■ **Exercise instructions**
Please copy, exactly as written, the span from the first line below to the line that contains "#37=LINE('',#36,#35);", including both, and skip the pictures.
################
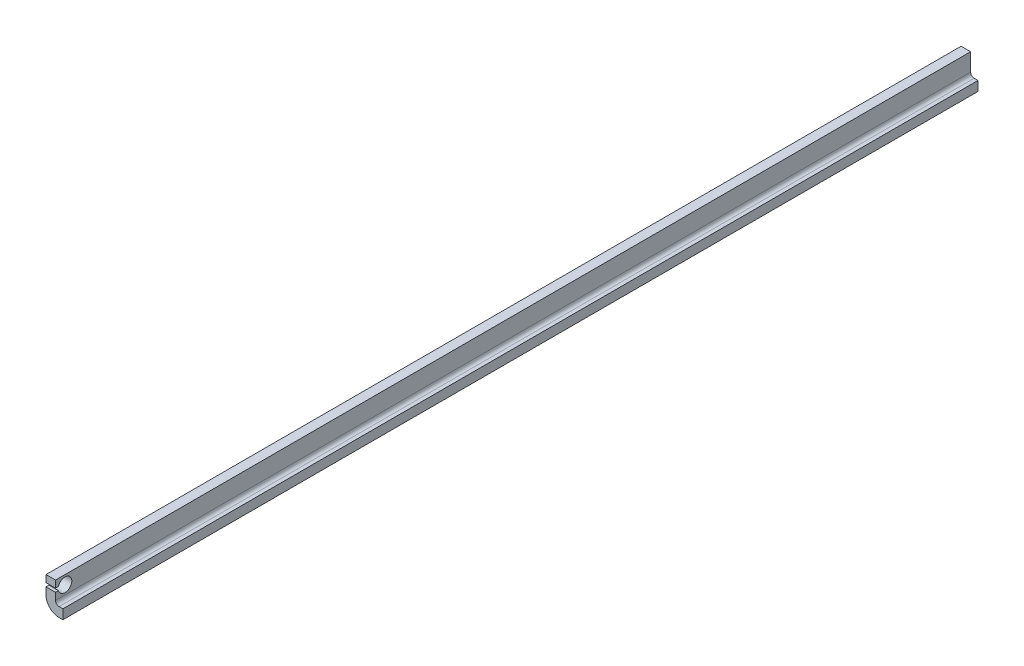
ISO-10303-21;
HEADER;
FILE_DESCRIPTION(('STEP AP214'),'2;1');
FILE_NAME('part.step','',(''),(''),'','','');
FILE_SCHEMA(('AUTOMOTIVE_DESIGN { 1 0 10303 214 1 1 1 1 }'));
ENDSEC;
DATA;
#1=APPLICATION_CONTEXT('core data for automotive mechanical design processes');
#2=APPLICATION_PROTOCOL_DEFINITION('international standard','automotive_design',2000,#1);
#3=PRODUCT_CONTEXT('',#1,'mechanical');
#4=PRODUCT('Part','Part','',(#3));
#5=PRODUCT_RELATED_PRODUCT_CATEGORY('part','',(#4));
#6=PRODUCT_DEFINITION_FORMATION('','',#4);
#7=PRODUCT_DEFINITION_CONTEXT('part definition',#1,'design');
#8=PRODUCT_DEFINITION('design','',#6,#7);
#9=PRODUCT_DEFINITION_SHAPE('','',#8);
#10=(LENGTH_UNIT() NAMED_UNIT(*) SI_UNIT(.MILLI.,.METRE.));
#11=(NAMED_UNIT(*) PLANE_ANGLE_UNIT() SI_UNIT($,.RADIAN.));
#12=(NAMED_UNIT(*) SI_UNIT($,.STERADIAN.) SOLID_ANGLE_UNIT());
#13=UNCERTAINTY_MEASURE_WITH_UNIT(LENGTH_MEASURE(1.E-05),#10,'distance_accuracy_value','');
#14=(GEOMETRIC_REPRESENTATION_CONTEXT(3) GLOBAL_UNCERTAINTY_ASSIGNED_CONTEXT((#13)) GLOBAL_UNIT_ASSIGNED_CONTEXT((#10,
#11,#12)) REPRESENTATION_CONTEXT('',''));
#15=CARTESIAN_POINT('',(0.,0.,0.));
#16=DIRECTION('',(0.,0.,1.));
#17=DIRECTION('',(1.,0.,0.));
#18=AXIS2_PLACEMENT_3D('',#15,#16,#17);
#19=CARTESIAN_POINT('',(11.8291924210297,-3.25477846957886,101.12425));
#20=DIRECTION('',(0.,0.,1.));
#21=DIRECTION('',(1.,0.,0.));
#22=AXIS2_PLACEMENT_3D('',#19,#20,#21);
#23=PLANE('',#22);
#24=DIRECTION('',(-1.,0.,0.));
#25=VECTOR('',#24,1.);
#26=CARTESIAN_POINT('',(11.8291924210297,-5.89787296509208,101.12425));
#27=LINE('',#26,#25);
#28=CARTESIAN_POINT('',(-1.08834656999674,-5.89787296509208,101.12425));
#29=VERTEX_POINT('',#28);
#30=CARTESIAN_POINT('',(-2.14166858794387,-5.89787296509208,101.12425));
#31=VERTEX_POINT('',#30);
#32=EDGE_CURVE('E11',#29,#31,#27,.T.);
#33=ORIENTED_EDGE('',*,*,#32,.F.);
#34=DIRECTION('',(0.,1.,0.));
#35=VECTOR('',#34,1.);
#36=CARTESIAN_POINT('',(-1.08834656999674,-7.07415346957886,101.12425));
#37=LINE('',#36,#35);
#38=CARTESIAN_POINT('',(-1.08834656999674,-5.12159246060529,101.12425));
#39=VERTEX_POINT('',#38);
#40=EDGE_CURVE('E200',#29,#39,#37,.T.);
#41=ORIENTED_EDGE('',*,*,#40,.T.);
#42=DIRECTION('',(-1.,0.,0.));
#43=VECTOR('',#42,1.);
#44=CARTESIAN_POINT('',(-1.08834656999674,-5.12159246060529,101.12425));
#45=LINE('',#44,#43);
#46=CARTESIAN_POINT('',(-2.14166858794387,-5.12159246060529,101.12425));
#47=VERTEX_POINT('',#46);
#48=EDGE_CURVE('E194',#39,#47,#45,.T.);
#49=ORIENTED_EDGE('',*,*,#48,.T.);
#50=DIRECTION('',(0.,-1.,0.));
#51=VECTOR('',#50,1.);
#52=CARTESIAN_POINT('',(-2.14166858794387,-5.12159246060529,101.12425));
#53=LINE('',#52,#51);
#54=EDGE_CURVE('E191',#47,#31,#53,.T.);
#55=ORIENTED_EDGE('',*,*,#54,.T.);
#56=EDGE_LOOP('',(#33,#41,#49,#55));
#57=FACE_BOUND('',#56,.T.);
#58=ADVANCED_FACE('F29',(#57),#23,.T.);
#59=CARTESIAN_POINT('',(-1.08834656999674,-7.07415346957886,105.000050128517));
#60=DIRECTION('',(-1.,0.,0.));
#61=DIRECTION('',(0.,-1.,0.));
#62=AXIS2_PLACEMENT_3D('',#59,#60,#61);
#63=PLANE('',#62);
#64=ORIENTED_EDGE('',*,*,#40,.F.);
#65=DIRECTION('',(0.,0.,-1.));
#66=VECTOR('',#65,1.);
#67=CARTESIAN_POINT('',(-1.08834656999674,-5.89787296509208,105.000050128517));
#68=LINE('',#67,#66);
#69=CARTESIAN_POINT('',(-1.08834656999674,-5.89787296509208,100.79709161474));
#70=VERTEX_POINT('',#69);
#71=EDGE_CURVE('E143',#29,#70,#68,.T.);
#72=ORIENTED_EDGE('',*,*,#71,.T.);
#73=CARTESIAN_POINT('',(-1.08834656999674,-6.09787296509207,100.07425));
#74=DIRECTION('',(-1.,0.,0.));
#75=DIRECTION('',(0.,-1.,0.));
#76=AXIS2_PLACEMENT_3D('',#73,#74,#75);
#77=CIRCLE('',#76,0.750000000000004);
#78=CARTESIAN_POINT('',(-1.08834656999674,-6.29787296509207,100.79709161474));
#79=VERTEX_POINT('',#78);
#80=EDGE_CURVE('E146',#70,#79,#77,.T.);
#81=ORIENTED_EDGE('',*,*,#80,.T.);
#82=DIRECTION('',(0.,0.,1.));
#83=VECTOR('',#82,1.);
#84=CARTESIAN_POINT('',(-1.08834656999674,-6.29787296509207,105.000050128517));
#85=LINE('',#84,#83);
#86=CARTESIAN_POINT('',(-1.08834656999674,-6.29787296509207,101.12425));
#87=VERTEX_POINT('',#86);
#88=EDGE_CURVE('E120',#79,#87,#85,.T.);
#89=ORIENTED_EDGE('',*,*,#88,.T.);
#90=CARTESIAN_POINT('',(-1.08834656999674,-7.07415346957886,101.12425));
#91=VERTEX_POINT('',#90);
#92=EDGE_CURVE('E197',#91,#87,#37,.T.);
#93=ORIENTED_EDGE('',*,*,#92,.F.);
#94=DIRECTION('',(0.,0.,-1.));
#95=VECTOR('',#94,1.);
#96=CARTESIAN_POINT('',(-1.08834656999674,-7.07415346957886,105.000050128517));
#97=LINE('',#96,#95);
#98=CARTESIAN_POINT('',(-1.08834656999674,-7.07415346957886,0.));
#99=VERTEX_POINT('',#98);
#100=EDGE_CURVE('E52',#91,#99,#97,.T.);
#101=ORIENTED_EDGE('',*,*,#100,.T.);
#102=DIRECTION('',(0.,1.,0.));
#103=VECTOR('',#102,1.);
#104=CARTESIAN_POINT('',(-1.08834656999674,-7.07415346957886,0.));
#105=LINE('',#104,#103);
#106=CARTESIAN_POINT('',(-1.08834656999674,-5.12159246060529,0.));
#107=VERTEX_POINT('',#106);
#108=EDGE_CURVE('E176',#99,#107,#105,.T.);
#109=ORIENTED_EDGE('',*,*,#108,.T.);
#110=DIRECTION('',(0.,0.,-1.));
#111=VECTOR('',#110,1.);
#112=CARTESIAN_POINT('',(-1.08834656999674,-5.12159246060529,105.000050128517));
#113=LINE('',#112,#111);
#114=EDGE_CURVE('E175',#39,#107,#113,.T.);
#115=ORIENTED_EDGE('',*,*,#114,.F.);
#116=EDGE_LOOP('',(#64,#72,#81,#89,#93,#101,#109,#115));
#117=FACE_BOUND('',#116,.T.);
#118=ADVANCED_FACE('F213',(#117),#63,.F.);
#119=CARTESIAN_POINT('',(-1.08834656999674,-5.12159246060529,105.000050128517));
#120=DIRECTION('',(0.,-1.,0.));
#121=DIRECTION('',(0.,0.,-1.));
#122=AXIS2_PLACEMENT_3D('',#119,#120,#121);
#123=PLANE('',#122);
#124=ORIENTED_EDGE('',*,*,#48,.F.);
#125=ORIENTED_EDGE('',*,*,#114,.T.);
#126=DIRECTION('',(-1.,0.,0.));
#127=VECTOR('',#126,1.);
#128=CARTESIAN_POINT('',(-1.08834656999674,-5.12159246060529,0.));
#129=LINE('',#128,#127);
#130=CARTESIAN_POINT('',(-2.14166858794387,-5.12159246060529,0.));
#131=VERTEX_POINT('',#130);
#132=EDGE_CURVE('E172',#107,#131,#129,.T.);
#133=ORIENTED_EDGE('',*,*,#132,.T.);
#134=DIRECTION('',(0.,0.,-1.));
#135=VECTOR('',#134,1.);
#136=CARTESIAN_POINT('',(-2.14166858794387,-5.12159246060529,105.000050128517));
#137=LINE('',#136,#135);
#138=EDGE_CURVE('E171',#47,#131,#137,.T.);
#139=ORIENTED_EDGE('',*,*,#138,.F.);
#140=EDGE_LOOP('',(#124,#125,#133,#139));
#141=FACE_BOUND('',#140,.T.);
#142=ADVANCED_FACE('F229',(#141),#123,.F.);
#143=CARTESIAN_POINT('',(-2.14166858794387,-5.12159246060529,105.000050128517));
#144=DIRECTION('',(1.,0.,0.));
#145=DIRECTION('',(0.,1.,0.));
#146=AXIS2_PLACEMENT_3D('',#143,#144,#145);
#147=PLANE('',#146);
#148=CARTESIAN_POINT('',(-2.14166858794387,-6.09787296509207,100.07425));
#149=DIRECTION('',(-1.,0.,0.));
#150=DIRECTION('',(0.,0.,1.));
#151=AXIS2_PLACEMENT_3D('',#148,#149,#150);
#152=CIRCLE('',#151,0.750000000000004);
#153=CARTESIAN_POINT('',(-2.14166858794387,-5.89787296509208,100.79709161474));
#154=VERTEX_POINT('',#153);
#155=CARTESIAN_POINT('',(-2.14166858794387,-6.29787296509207,100.79709161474));
#156=VERTEX_POINT('',#155);
#157=EDGE_CURVE('E127',#154,#156,#152,.T.);
#158=ORIENTED_EDGE('',*,*,#157,.F.);
#159=DIRECTION('',(0.,0.,-1.));
#160=VECTOR('',#159,1.);
#161=CARTESIAN_POINT('',(-2.14166858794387,-5.89787296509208,100.79709161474));
#162=LINE('',#161,#160);
#163=EDGE_CURVE('E124',#31,#154,#162,.T.);
#164=ORIENTED_EDGE('',*,*,#163,.F.);
#165=ORIENTED_EDGE('',*,*,#54,.F.);
#166=ORIENTED_EDGE('',*,*,#138,.T.);
#167=DIRECTION('',(0.,-1.,0.));
#168=VECTOR('',#167,1.);
#169=CARTESIAN_POINT('',(-2.14166858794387,-5.12159246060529,0.));
#170=LINE('',#169,#168);
#171=CARTESIAN_POINT('',(-2.14166858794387,-7.07415346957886,0.));
#172=VERTEX_POINT('',#171);
#173=EDGE_CURVE('E168',#131,#172,#170,.T.);
#174=ORIENTED_EDGE('',*,*,#173,.T.);
#175=DIRECTION('',(0.,0.,-1.));
#176=VECTOR('',#175,1.);
#177=CARTESIAN_POINT('',(-2.14166858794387,-7.07415346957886,105.000050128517));
#178=LINE('',#177,#176);
#179=CARTESIAN_POINT('',(-2.14166858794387,-7.07415346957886,101.12425));
#180=VERTEX_POINT('',#179);
#181=EDGE_CURVE('E167',#180,#172,#178,.T.);
#182=ORIENTED_EDGE('',*,*,#181,.F.);
#183=CARTESIAN_POINT('',(-2.14166858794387,-6.29787296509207,101.12425));
#184=VERTEX_POINT('',#183);
#185=EDGE_CURVE('E137',#184,#180,#53,.T.);
#186=ORIENTED_EDGE('',*,*,#185,.F.);
#187=DIRECTION('',(0.,0.,1.));
#188=VECTOR('',#187,1.);
#189=CARTESIAN_POINT('',(-2.14166858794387,-6.29787296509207,100.79709161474));
#190=LINE('',#189,#188);
#191=EDGE_CURVE('E44',#156,#184,#190,.T.);
#192=ORIENTED_EDGE('',*,*,#191,.F.);
#193=EDGE_LOOP('',(#158,#164,#165,#166,#174,#182,#186,#192));
#194=FACE_BOUND('',#193,.T.);
#195=ADVANCED_FACE('F135',(#194),#147,.F.);
#196=CARTESIAN_POINT('',(-0.698357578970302,-7.07415346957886,105.000050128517));
#197=DIRECTION('',(0.,0.,-1.));
#198=DIRECTION('',(-1.,0.,0.));
#199=AXIS2_PLACEMENT_3D('',#196,#197,#198);
#200=CYLINDRICAL_SURFACE('',#199,1.44331100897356);
#201=CARTESIAN_POINT('',(-0.698357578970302,-7.07415346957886,101.12425));
#202=DIRECTION('',(0.,0.,1.));
#203=DIRECTION('',(1.,0.,0.));
#204=AXIS2_PLACEMENT_3D('',#201,#202,#203);
#205=CIRCLE('',#204,1.44331100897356);
#206=CARTESIAN_POINT('',(-0.698357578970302,-8.51746447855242,101.12425));
#207=VERTEX_POINT('',#206);
#208=EDGE_CURVE('E188',#180,#207,#205,.T.);
#209=ORIENTED_EDGE('',*,*,#208,.F.);
#210=ORIENTED_EDGE('',*,*,#181,.T.);
#211=CARTESIAN_POINT('',(-0.698357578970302,-7.07415346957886,0.));
#212=DIRECTION('',(0.,0.,1.));
#213=DIRECTION('',(1.,0.,0.));
#214=AXIS2_PLACEMENT_3D('',#211,#212,#213);
#215=CIRCLE('',#214,1.44331100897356);
#216=CARTESIAN_POINT('',(-0.698357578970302,-8.51746447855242,0.));
#217=VERTEX_POINT('',#216);
#218=EDGE_CURVE('E164',#172,#217,#215,.T.);
#219=ORIENTED_EDGE('',*,*,#218,.T.);
#220=DIRECTION('',(0.,0.,-1.));
#221=VECTOR('',#220,1.);
#222=CARTESIAN_POINT('',(-0.698357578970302,-8.51746447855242,105.000050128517));
#223=LINE('',#222,#221);
#224=EDGE_CURVE('E163',#207,#217,#223,.T.);
#225=ORIENTED_EDGE('',*,*,#224,.F.);
#226=EDGE_LOOP('',(#209,#210,#219,#225));
#227=FACE_BOUND('',#226,.T.);
#228=ADVANCED_FACE('F240',(#227),#200,.T.);
#229=CARTESIAN_POINT('',(-0.698357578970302,-8.51746447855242,105.000050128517));
#230=DIRECTION('',(0.,1.,0.));
#231=DIRECTION('',(0.,0.,1.));
#232=AXIS2_PLACEMENT_3D('',#229,#230,#231);
#233=PLANE('',#232);
#234=DIRECTION('',(1.,0.,0.));
#235=VECTOR('',#234,1.);
#236=CARTESIAN_POINT('',(-0.698357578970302,-8.51746447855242,101.12425));
#237=LINE('',#236,#235);
#238=CARTESIAN_POINT('',(-0.273546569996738,-8.51746447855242,101.12425));
#239=VERTEX_POINT('',#238);
#240=EDGE_CURVE('E185',#207,#239,#237,.T.);
#241=ORIENTED_EDGE('',*,*,#240,.F.);
#242=ORIENTED_EDGE('',*,*,#224,.T.);
#243=DIRECTION('',(1.,0.,0.));
#244=VECTOR('',#243,1.);
#245=CARTESIAN_POINT('',(-0.698357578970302,-8.51746447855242,0.));
#246=LINE('',#245,#244);
#247=CARTESIAN_POINT('',(-0.273546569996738,-8.51746447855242,0.));
#248=VERTEX_POINT('',#247);
#249=EDGE_CURVE('E160',#217,#248,#246,.T.);
#250=ORIENTED_EDGE('',*,*,#249,.T.);
#251=DIRECTION('',(0.,0.,-1.));
#252=VECTOR('',#251,1.);
#253=CARTESIAN_POINT('',(-0.273546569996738,-8.51746447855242,105.000050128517));
#254=LINE('',#253,#252);
#255=EDGE_CURVE('E159',#239,#248,#254,.T.);
#256=ORIENTED_EDGE('',*,*,#255,.F.);
#257=EDGE_LOOP('',(#241,#242,#250,#256));
#258=FACE_BOUND('',#257,.T.);
#259=ADVANCED_FACE('F243',(#258),#233,.F.);
#260=CARTESIAN_POINT('',(-0.273546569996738,-8.51746447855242,105.000050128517));
#261=DIRECTION('',(-1.,0.,0.));
#262=DIRECTION('',(0.,-1.,0.));
#263=AXIS2_PLACEMENT_3D('',#260,#261,#262);
#264=PLANE('',#263);
#265=DIRECTION('',(0.,1.,0.));
#266=VECTOR('',#265,1.);
#267=CARTESIAN_POINT('',(-0.273546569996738,-8.51746447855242,101.12425));
#268=LINE('',#267,#266);
#269=CARTESIAN_POINT('',(-0.273546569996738,-7.46414246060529,101.12425));
#270=VERTEX_POINT('',#269);
#271=EDGE_CURVE('E182',#239,#270,#268,.T.);
#272=ORIENTED_EDGE('',*,*,#271,.F.);
#273=ORIENTED_EDGE('',*,*,#255,.T.);
#274=DIRECTION('',(0.,1.,0.));
#275=VECTOR('',#274,1.);
#276=CARTESIAN_POINT('',(-0.273546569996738,-8.51746447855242,0.));
#277=LINE('',#276,#275);
#278=CARTESIAN_POINT('',(-0.273546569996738,-7.46414246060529,0.));
#279=VERTEX_POINT('',#278);
#280=EDGE_CURVE('E156',#248,#279,#277,.T.);
#281=ORIENTED_EDGE('',*,*,#280,.T.);
#282=DIRECTION('',(0.,0.,-1.));
#283=VECTOR('',#282,1.);
#284=CARTESIAN_POINT('',(-0.273546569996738,-7.46414246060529,105.000050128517));
#285=LINE('',#284,#283);
#286=EDGE_CURVE('E155',#270,#279,#285,.T.);
#287=ORIENTED_EDGE('',*,*,#286,.F.);
#288=EDGE_LOOP('',(#272,#273,#281,#287));
#289=FACE_BOUND('',#288,.T.);
#290=ADVANCED_FACE('F245',(#289),#264,.F.);
#291=CARTESIAN_POINT('',(-0.273546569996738,-7.46414246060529,105.000050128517));
#292=DIRECTION('',(0.,-1.,0.));
#293=DIRECTION('',(1.,0.,0.));
#294=AXIS2_PLACEMENT_3D('',#291,#292,#293);
#295=PLANE('',#294);
#296=DIRECTION('',(-1.,0.,0.));
#297=VECTOR('',#296,1.);
#298=CARTESIAN_POINT('',(-0.273546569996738,-7.46414246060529,101.12425));
#299=LINE('',#298,#297);
#300=CARTESIAN_POINT('',(-0.698357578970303,-7.46414246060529,101.12425));
#301=VERTEX_POINT('',#300);
#302=EDGE_CURVE('E179',#270,#301,#299,.T.);
#303=ORIENTED_EDGE('',*,*,#302,.F.);
#304=ORIENTED_EDGE('',*,*,#286,.T.);
#305=DIRECTION('',(-1.,0.,0.));
#306=VECTOR('',#305,1.);
#307=CARTESIAN_POINT('',(-0.273546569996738,-7.46414246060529,0.));
#308=LINE('',#307,#306);
#309=CARTESIAN_POINT('',(-0.698357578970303,-7.46414246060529,0.));
#310=VERTEX_POINT('',#309);
#311=EDGE_CURVE('E152',#279,#310,#308,.T.);
#312=ORIENTED_EDGE('',*,*,#311,.T.);
#313=DIRECTION('',(0.,0.,-1.));
#314=VECTOR('',#313,1.);
#315=CARTESIAN_POINT('',(-0.698357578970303,-7.46414246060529,105.000050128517));
#316=LINE('',#315,#314);
#317=EDGE_CURVE('E151',#301,#310,#316,.T.);
#318=ORIENTED_EDGE('',*,*,#317,.F.);
#319=EDGE_LOOP('',(#303,#304,#312,#318));
#320=FACE_BOUND('',#319,.T.);
#321=ADVANCED_FACE('F219',(#320),#295,.F.);
#322=CARTESIAN_POINT('',(-0.698357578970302,-7.07415346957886,105.000050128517));
#323=DIRECTION('',(0.,0.,-1.));
#324=DIRECTION('',(-1.,0.,0.));
#325=AXIS2_PLACEMENT_3D('',#322,#323,#324);
#326=CYLINDRICAL_SURFACE('',#325,0.389988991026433);
#327=CARTESIAN_POINT('',(-0.698357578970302,-7.07415346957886,101.12425));
#328=DIRECTION('',(0.,0.,1.));
#329=DIRECTION('',(1.,0.,0.));
#330=AXIS2_PLACEMENT_3D('',#327,#328,#329);
#331=CIRCLE('',#330,0.389988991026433);
#332=EDGE_CURVE('E150',#301,#91,#331,.F.);
#333=ORIENTED_EDGE('',*,*,#332,.F.);
#334=ORIENTED_EDGE('',*,*,#317,.T.);
#335=CARTESIAN_POINT('',(-0.698357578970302,-7.07415346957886,0.));
#336=DIRECTION('',(0.,0.,-1.));
#337=DIRECTION('',(1.,0.,0.));
#338=AXIS2_PLACEMENT_3D('',#335,#336,#337);
#339=CIRCLE('',#338,0.389988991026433);
#340=EDGE_CURVE('E148',#310,#99,#339,.T.);
#341=ORIENTED_EDGE('',*,*,#340,.T.);
#342=ORIENTED_EDGE('',*,*,#100,.F.);
#343=EDGE_LOOP('',(#333,#334,#341,#342));
#344=FACE_BOUND('',#343,.T.);
#345=ADVANCED_FACE('F214',(#344),#326,.F.);
#346=CARTESIAN_POINT('',(-0.698357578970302,-7.07415346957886,0.));
#347=DIRECTION('',(0.,0.,1.));
#348=DIRECTION('',(1.,0.,0.));
#349=AXIS2_PLACEMENT_3D('',#346,#347,#348);
#350=PLANE('',#349);
#351=ORIENTED_EDGE('',*,*,#108,.F.);
#352=ORIENTED_EDGE('',*,*,#340,.F.);
#353=ORIENTED_EDGE('',*,*,#311,.F.);
#354=ORIENTED_EDGE('',*,*,#280,.F.);
#355=ORIENTED_EDGE('',*,*,#249,.F.);
#356=ORIENTED_EDGE('',*,*,#218,.F.);
#357=ORIENTED_EDGE('',*,*,#173,.F.);
#358=ORIENTED_EDGE('',*,*,#132,.F.);
#359=EDGE_LOOP('',(#351,#352,#353,#354,#355,#356,#357,#358));
#360=FACE_BOUND('',#359,.T.);
#361=ADVANCED_FACE('F223',(#360),#350,.F.);
#362=DIRECTION('',(1.,0.,0.));
#363=VECTOR('',#362,1.);
#364=CARTESIAN_POINT('',(11.8291924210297,-6.29787296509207,101.12425));
#365=LINE('',#364,#363);
#366=EDGE_CURVE('E37',#184,#87,#365,.T.);
#367=ORIENTED_EDGE('',*,*,#366,.F.);
#368=ORIENTED_EDGE('',*,*,#185,.T.);
#369=ORIENTED_EDGE('',*,*,#208,.T.);
#370=ORIENTED_EDGE('',*,*,#240,.T.);
#371=ORIENTED_EDGE('',*,*,#271,.T.);
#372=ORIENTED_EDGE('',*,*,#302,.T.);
################
■ **Output for this task**
ISO-10303-21;
HEADER;
FILE_DESCRIPTION(('STEP AP214'),'2;1');
FILE_NAME('part.step','',(''),(''),'','','');
FILE_SCHEMA(('AUTOMOTIVE_DESIGN { 1 0 10303 214 1 1 1 1 }'));
ENDSEC;
DATA;
#1=APPLICATION_CONTEXT('core data for automotive mechanical design processes');
#2=APPLICATION_PROTOCOL_DEFINITION('international standard','automotive_design',2000,#1);
#3=PRODUCT_CONTEXT('',#1,'mechanical');
#4=PRODUCT('Part','Part','',(#3));
#5=PRODUCT_RELATED_PRODUCT_CATEGORY('part','',(#4));
#6=PRODUCT_DEFINITION_FORMATION('','',#4);
#7=PRODUCT_DEFINITION_CONTEXT('part definition',#1,'design');
#8=PRODUCT_DEFINITION('design','',#6,#7);
#9=PRODUCT_DEFINITION_SHAPE('','',#8);
#10=(LENGTH_UNIT() NAMED_UNIT(*) SI_UNIT(.MILLI.,.METRE.));
#11=(NAMED_UNIT(*) PLANE_ANGLE_UNIT() SI_UNIT($,.RADIAN.));
#12=(NAMED_UNIT(*) SI_UNIT($,.STERADIAN.) SOLID_ANGLE_UNIT());
#13=UNCERTAINTY_MEASURE_WITH_UNIT(LENGTH_MEASURE(1.E-05),#10,'distance_accuracy_value','');
#14=(GEOMETRIC_REPRESENTATION_CONTEXT(3) GLOBAL_UNCERTAINTY_ASSIGNED_CONTEXT((#13)) GLOBAL_UNIT_ASSIGNED_CONTEXT((#10,
#11,#12)) REPRESENTATION_CONTEXT('',''));
#15=CARTESIAN_POINT('',(0.,0.,0.));
#16=DIRECTION('',(0.,0.,1.));
#17=DIRECTION('',(1.,0.,0.));
#18=AXIS2_PLACEMENT_3D('',#15,#16,#17);
#19=CARTESIAN_POINT('',(11.8291924210297,-3.25477846957886,101.12425));
#20=DIRECTION('',(0.,0.,1.));
#21=DIRECTION('',(1.,0.,0.));
#22=AXIS2_PLACEMENT_3D('',#19,#20,#21);
#23=PLANE('',#22);
#24=DIRECTION('',(-1.,0.,0.));
#25=VECTOR('',#24,1.);
#26=CARTESIAN_POINT('',(11.8291924210297,-5.89787296509208,101.12425));
#27=LINE('',#26,#25);
#28=CARTESIAN_POINT('',(-1.08834656999674,-5.89787296509208,101.12425));
#29=VERTEX_POINT('',#28);
#30=CARTESIAN_POINT('',(-2.14166858794387,-5.89787296509208,101.12425));
#31=VERTEX_POINT('',#30);
#32=EDGE_CURVE('E11',#29,#31,#27,.T.);
#33=ORIENTED_EDGE('',*,*,#32,.F.);
#34=DIRECTION('',(0.,1.,0.));
#35=VECTOR('',#34,1.);
#36=CARTESIAN_POINT('',(-1.08834656999674,-7.07415346957886,101.12425));
#37=LINE('',#36,#35);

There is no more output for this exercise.